Task goal:
Among the records, which lines include "font"? List them.

Stored items from a collection:
○ ○ ○ ○
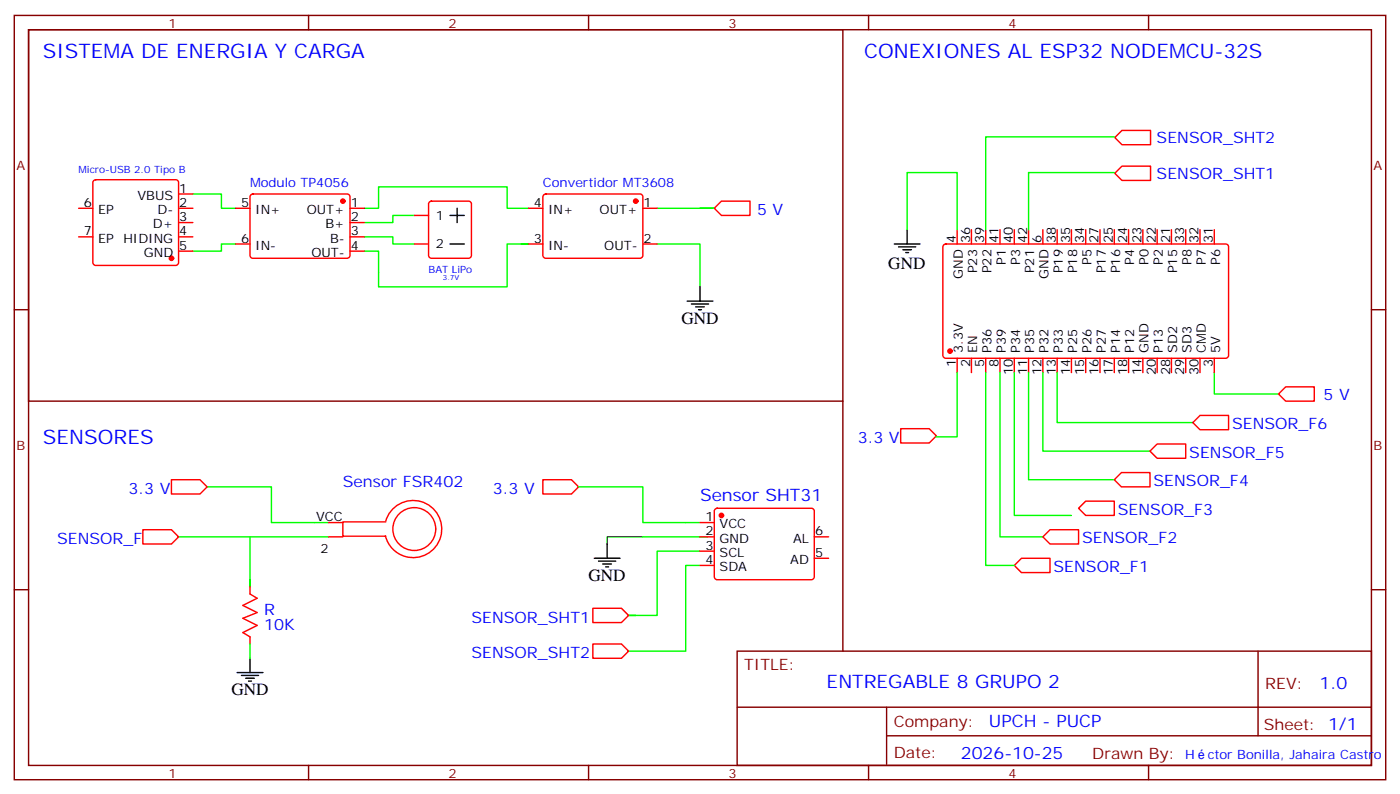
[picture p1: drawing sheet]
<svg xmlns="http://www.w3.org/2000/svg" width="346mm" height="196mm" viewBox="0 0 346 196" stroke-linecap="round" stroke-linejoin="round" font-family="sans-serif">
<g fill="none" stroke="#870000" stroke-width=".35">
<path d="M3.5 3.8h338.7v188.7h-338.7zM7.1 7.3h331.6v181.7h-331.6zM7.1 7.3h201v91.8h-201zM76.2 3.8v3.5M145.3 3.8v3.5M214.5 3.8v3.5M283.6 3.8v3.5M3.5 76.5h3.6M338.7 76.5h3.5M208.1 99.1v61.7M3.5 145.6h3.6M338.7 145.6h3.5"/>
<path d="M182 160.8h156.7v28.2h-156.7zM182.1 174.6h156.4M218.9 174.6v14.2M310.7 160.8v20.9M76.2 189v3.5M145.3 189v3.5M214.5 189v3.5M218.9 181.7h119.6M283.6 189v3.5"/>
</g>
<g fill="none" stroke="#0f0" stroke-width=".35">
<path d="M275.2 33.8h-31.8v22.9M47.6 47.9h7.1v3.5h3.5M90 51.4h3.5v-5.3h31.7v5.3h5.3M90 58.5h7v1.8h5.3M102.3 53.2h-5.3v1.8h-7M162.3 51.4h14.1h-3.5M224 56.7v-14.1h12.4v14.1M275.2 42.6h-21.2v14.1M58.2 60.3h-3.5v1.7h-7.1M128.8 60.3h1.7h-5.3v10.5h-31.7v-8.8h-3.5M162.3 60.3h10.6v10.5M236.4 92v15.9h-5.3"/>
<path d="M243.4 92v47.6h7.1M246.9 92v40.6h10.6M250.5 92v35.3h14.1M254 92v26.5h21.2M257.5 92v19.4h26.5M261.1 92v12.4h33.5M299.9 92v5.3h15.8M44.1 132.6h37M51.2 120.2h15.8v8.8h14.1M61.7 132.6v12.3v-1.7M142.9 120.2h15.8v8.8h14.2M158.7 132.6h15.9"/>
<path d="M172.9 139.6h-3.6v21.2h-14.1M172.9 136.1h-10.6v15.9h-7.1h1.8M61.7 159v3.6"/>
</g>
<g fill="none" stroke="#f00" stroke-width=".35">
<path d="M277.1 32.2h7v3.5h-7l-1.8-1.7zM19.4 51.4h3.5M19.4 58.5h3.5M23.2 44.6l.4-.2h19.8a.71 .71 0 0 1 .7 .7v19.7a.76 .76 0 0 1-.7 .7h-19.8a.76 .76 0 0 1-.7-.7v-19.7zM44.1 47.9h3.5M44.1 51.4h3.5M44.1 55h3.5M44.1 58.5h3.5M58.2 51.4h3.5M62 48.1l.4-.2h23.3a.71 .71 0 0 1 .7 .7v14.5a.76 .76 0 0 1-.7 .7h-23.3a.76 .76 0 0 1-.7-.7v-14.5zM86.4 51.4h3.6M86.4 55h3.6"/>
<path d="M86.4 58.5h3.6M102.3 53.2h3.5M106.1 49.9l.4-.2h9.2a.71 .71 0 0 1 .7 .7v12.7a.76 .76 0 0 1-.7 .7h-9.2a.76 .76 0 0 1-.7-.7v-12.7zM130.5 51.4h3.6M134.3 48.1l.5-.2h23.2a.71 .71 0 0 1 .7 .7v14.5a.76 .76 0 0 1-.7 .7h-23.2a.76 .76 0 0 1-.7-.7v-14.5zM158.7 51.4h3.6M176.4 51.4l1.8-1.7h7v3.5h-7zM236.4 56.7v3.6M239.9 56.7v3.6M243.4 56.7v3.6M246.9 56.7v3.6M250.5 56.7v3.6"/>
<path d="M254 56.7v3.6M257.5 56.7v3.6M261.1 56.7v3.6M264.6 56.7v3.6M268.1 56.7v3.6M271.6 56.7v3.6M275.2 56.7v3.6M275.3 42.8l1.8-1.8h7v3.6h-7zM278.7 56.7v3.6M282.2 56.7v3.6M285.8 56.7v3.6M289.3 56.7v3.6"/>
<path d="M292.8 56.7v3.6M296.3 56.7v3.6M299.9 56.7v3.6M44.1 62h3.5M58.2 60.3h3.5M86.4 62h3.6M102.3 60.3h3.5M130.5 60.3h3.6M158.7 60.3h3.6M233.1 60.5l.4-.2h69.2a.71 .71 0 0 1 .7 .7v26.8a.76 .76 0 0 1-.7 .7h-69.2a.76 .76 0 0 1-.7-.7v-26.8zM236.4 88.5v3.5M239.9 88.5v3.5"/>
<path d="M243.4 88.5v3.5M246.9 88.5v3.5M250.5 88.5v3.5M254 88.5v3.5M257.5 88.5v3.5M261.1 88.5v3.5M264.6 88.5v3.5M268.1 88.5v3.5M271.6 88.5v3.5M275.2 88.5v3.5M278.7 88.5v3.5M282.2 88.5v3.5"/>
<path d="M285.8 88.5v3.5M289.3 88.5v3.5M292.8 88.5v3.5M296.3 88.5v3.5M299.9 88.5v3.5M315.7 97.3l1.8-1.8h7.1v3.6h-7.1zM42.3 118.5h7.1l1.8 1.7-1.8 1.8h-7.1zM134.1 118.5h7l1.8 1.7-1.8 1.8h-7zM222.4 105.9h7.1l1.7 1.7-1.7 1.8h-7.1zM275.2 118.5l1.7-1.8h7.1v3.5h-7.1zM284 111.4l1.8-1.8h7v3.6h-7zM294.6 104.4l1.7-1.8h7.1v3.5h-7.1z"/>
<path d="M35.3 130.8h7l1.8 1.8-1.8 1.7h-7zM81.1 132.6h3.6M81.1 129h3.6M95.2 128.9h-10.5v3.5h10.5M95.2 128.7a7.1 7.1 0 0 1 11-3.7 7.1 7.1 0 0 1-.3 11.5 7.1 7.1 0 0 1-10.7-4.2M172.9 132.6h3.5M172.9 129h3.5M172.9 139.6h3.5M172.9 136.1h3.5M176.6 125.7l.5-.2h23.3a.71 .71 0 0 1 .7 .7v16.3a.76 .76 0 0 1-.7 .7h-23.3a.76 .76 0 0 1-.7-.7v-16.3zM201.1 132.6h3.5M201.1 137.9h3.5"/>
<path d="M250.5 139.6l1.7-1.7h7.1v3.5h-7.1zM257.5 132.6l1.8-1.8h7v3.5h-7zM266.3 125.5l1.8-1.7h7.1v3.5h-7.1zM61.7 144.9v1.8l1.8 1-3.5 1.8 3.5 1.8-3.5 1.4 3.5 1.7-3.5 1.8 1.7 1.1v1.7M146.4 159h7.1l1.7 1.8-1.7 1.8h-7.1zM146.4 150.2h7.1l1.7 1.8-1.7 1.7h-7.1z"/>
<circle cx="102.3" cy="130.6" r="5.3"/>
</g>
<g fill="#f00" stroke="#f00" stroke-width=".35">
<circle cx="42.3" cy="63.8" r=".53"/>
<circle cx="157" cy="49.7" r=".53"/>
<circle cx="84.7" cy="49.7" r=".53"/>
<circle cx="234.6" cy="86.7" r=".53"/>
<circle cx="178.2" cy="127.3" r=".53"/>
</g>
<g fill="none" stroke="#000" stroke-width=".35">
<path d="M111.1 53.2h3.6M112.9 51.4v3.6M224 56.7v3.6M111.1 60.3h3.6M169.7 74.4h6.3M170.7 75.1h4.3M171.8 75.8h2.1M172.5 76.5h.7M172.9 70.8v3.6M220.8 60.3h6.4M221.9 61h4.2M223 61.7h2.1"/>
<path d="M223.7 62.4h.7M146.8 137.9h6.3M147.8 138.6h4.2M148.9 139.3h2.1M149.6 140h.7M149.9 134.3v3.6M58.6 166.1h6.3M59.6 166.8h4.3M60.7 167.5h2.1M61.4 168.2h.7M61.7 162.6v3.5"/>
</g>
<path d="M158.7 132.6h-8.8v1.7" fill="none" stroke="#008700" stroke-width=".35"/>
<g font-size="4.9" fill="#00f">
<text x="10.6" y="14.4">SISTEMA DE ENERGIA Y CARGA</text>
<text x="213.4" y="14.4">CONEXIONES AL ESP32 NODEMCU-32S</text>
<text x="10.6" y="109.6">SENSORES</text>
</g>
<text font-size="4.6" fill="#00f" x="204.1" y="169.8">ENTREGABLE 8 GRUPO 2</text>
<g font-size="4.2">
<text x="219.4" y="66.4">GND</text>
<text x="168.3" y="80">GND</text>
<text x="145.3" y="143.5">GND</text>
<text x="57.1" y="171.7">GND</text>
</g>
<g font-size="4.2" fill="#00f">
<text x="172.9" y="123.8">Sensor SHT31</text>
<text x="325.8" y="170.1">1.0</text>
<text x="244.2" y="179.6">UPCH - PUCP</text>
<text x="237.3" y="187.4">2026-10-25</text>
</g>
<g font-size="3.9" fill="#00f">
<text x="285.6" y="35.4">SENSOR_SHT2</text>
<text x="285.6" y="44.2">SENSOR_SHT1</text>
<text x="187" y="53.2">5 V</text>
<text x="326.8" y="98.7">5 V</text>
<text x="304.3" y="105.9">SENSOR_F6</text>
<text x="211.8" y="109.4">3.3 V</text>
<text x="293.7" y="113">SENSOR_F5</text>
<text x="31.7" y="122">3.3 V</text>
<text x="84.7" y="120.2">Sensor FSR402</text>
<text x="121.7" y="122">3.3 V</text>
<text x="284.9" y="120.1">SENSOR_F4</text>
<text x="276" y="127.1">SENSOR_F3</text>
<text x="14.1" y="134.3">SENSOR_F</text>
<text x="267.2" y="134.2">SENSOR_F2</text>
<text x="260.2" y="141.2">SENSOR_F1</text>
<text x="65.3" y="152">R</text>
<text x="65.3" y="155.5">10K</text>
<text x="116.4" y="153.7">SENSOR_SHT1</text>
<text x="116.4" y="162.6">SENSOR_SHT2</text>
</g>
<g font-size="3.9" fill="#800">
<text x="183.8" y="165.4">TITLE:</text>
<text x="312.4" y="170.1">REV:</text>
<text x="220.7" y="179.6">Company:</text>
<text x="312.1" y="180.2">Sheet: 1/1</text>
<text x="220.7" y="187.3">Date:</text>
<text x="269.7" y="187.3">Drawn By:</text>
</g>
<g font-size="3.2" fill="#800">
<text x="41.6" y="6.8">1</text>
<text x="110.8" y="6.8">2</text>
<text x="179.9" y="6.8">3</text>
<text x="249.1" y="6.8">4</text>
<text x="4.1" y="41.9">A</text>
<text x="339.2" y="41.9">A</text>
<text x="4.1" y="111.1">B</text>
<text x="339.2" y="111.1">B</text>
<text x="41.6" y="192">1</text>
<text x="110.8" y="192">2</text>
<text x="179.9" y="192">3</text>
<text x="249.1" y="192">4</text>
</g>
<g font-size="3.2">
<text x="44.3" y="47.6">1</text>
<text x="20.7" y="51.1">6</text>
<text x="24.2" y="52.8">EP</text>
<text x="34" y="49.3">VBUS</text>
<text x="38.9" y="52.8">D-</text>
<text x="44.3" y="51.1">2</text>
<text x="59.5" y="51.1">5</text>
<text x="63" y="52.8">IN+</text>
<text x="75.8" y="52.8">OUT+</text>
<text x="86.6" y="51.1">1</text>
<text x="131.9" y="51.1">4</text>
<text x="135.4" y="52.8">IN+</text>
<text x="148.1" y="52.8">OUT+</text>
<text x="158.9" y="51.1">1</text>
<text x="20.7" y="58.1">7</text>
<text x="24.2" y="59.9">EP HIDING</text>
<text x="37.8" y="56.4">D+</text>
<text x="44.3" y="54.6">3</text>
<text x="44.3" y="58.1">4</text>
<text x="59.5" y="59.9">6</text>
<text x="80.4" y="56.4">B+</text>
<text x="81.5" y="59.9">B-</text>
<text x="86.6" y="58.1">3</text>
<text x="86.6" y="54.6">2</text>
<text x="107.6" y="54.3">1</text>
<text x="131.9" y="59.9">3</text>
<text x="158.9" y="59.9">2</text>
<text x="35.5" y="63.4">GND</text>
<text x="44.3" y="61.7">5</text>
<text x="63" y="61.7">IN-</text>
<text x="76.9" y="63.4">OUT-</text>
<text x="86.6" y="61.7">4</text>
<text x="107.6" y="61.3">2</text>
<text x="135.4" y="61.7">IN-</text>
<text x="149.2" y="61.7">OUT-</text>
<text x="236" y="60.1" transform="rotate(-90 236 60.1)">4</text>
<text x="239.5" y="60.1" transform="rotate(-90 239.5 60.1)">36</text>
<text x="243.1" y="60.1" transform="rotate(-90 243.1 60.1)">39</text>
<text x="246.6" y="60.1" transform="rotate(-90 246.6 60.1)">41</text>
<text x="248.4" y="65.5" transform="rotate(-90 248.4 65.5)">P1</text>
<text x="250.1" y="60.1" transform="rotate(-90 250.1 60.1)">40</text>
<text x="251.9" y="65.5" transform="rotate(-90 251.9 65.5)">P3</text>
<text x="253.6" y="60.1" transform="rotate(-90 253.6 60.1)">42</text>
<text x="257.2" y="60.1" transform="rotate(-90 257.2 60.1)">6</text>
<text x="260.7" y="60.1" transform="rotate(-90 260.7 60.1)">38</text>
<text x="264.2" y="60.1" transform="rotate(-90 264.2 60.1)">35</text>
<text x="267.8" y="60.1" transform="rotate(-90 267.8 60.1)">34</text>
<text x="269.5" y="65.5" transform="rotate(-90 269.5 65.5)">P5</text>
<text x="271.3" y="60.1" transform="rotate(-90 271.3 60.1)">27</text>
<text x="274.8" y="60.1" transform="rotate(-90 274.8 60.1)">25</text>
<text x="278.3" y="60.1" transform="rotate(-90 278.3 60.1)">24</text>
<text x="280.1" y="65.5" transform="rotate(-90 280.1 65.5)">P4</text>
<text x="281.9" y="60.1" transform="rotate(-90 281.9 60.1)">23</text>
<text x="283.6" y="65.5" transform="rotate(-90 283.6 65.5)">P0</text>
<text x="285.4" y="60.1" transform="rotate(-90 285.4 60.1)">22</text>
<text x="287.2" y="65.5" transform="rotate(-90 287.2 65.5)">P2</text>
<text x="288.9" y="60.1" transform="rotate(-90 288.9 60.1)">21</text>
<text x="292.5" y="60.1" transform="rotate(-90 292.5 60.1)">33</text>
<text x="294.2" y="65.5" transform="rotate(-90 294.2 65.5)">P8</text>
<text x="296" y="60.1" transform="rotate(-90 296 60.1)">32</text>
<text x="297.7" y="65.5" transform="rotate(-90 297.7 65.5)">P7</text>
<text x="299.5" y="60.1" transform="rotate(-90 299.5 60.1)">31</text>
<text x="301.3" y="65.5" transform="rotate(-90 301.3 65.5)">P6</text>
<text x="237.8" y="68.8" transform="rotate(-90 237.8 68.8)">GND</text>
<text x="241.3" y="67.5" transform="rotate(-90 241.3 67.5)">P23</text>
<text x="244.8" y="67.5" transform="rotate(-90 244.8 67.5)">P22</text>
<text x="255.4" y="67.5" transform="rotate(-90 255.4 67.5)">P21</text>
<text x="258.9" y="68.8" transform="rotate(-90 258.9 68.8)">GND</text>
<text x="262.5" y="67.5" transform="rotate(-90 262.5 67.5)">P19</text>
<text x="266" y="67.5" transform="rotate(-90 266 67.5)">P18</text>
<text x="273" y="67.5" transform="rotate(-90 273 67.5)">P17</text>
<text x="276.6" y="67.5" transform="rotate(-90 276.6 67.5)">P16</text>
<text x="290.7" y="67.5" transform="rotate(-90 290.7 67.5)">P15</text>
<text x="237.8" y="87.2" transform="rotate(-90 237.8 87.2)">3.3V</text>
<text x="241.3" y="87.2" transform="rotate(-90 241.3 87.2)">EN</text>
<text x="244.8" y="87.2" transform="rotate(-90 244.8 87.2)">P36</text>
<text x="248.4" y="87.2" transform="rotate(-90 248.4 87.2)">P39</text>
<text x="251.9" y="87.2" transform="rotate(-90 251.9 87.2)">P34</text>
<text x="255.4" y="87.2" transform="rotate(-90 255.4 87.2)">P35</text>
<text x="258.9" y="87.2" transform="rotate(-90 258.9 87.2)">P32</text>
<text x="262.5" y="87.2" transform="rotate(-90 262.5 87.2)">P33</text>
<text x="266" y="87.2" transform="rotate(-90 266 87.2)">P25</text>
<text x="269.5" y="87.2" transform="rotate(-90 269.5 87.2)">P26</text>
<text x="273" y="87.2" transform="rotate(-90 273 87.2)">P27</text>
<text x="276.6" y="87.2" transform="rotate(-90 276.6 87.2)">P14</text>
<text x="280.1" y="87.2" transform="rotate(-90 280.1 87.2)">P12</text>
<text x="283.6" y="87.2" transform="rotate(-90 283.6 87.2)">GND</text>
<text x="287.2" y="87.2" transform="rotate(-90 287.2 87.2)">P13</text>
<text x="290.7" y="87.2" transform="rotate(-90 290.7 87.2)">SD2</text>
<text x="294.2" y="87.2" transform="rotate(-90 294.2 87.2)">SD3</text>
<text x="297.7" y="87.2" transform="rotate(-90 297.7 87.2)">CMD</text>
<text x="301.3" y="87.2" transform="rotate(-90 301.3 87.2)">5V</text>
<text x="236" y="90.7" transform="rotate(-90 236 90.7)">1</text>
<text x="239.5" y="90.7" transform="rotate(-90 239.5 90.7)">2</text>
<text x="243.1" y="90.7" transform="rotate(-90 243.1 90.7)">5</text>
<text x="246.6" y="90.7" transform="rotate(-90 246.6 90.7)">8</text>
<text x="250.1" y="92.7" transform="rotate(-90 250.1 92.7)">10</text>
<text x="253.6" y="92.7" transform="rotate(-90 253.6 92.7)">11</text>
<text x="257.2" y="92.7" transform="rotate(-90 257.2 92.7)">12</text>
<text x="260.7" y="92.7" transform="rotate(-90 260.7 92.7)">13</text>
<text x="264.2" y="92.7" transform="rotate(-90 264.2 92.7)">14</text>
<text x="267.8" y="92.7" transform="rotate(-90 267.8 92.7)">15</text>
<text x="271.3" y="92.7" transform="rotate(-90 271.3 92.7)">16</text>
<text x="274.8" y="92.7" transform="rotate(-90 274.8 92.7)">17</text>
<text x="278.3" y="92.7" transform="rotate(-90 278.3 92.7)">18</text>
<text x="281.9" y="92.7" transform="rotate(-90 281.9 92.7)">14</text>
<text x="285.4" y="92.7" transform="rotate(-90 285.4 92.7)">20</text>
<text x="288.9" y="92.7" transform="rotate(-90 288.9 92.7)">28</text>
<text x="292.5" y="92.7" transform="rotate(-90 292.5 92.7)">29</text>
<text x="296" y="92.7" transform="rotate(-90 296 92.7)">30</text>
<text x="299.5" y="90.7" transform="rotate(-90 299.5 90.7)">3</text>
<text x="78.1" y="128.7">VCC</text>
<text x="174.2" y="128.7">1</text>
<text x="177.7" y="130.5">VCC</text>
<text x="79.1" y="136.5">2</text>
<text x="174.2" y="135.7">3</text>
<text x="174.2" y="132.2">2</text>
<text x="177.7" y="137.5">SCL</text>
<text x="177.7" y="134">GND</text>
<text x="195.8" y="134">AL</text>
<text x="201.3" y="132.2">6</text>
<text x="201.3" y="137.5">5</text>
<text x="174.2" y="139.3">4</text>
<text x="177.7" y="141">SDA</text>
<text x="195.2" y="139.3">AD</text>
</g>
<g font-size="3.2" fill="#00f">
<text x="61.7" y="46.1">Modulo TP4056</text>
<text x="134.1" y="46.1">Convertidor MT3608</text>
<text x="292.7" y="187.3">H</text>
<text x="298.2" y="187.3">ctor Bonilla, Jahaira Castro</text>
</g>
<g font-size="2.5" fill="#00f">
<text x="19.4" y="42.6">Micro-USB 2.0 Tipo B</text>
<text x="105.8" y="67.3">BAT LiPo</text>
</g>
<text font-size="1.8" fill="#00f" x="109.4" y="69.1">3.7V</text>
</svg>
○ ○ ○ ○
Reply:
<svg xmlns="http://www.w3.org/2000/svg" width="346mm" height="196mm" viewBox="0 0 346 196" stroke-linecap="round" stroke-linejoin="round" font-family="sans-serif">
<g font-size="4.9" fill="#00f">
<text font-size="4.6" fill="#00f" x="204.1" y="169.8">ENTREGABLE 8 GRUPO 2</text>
<g font-size="4.2">
<g font-size="4.2" fill="#00f">
<g font-size="3.9" fill="#00f">
<g font-size="3.9" fill="#800">
<g font-size="3.2" fill="#800">
<g font-size="3.2">
<g font-size="3.2" fill="#00f">
<g font-size="2.5" fill="#00f">
<text font-size="1.8" fill="#00f" x="109.4" y="69.1">3.7V</text>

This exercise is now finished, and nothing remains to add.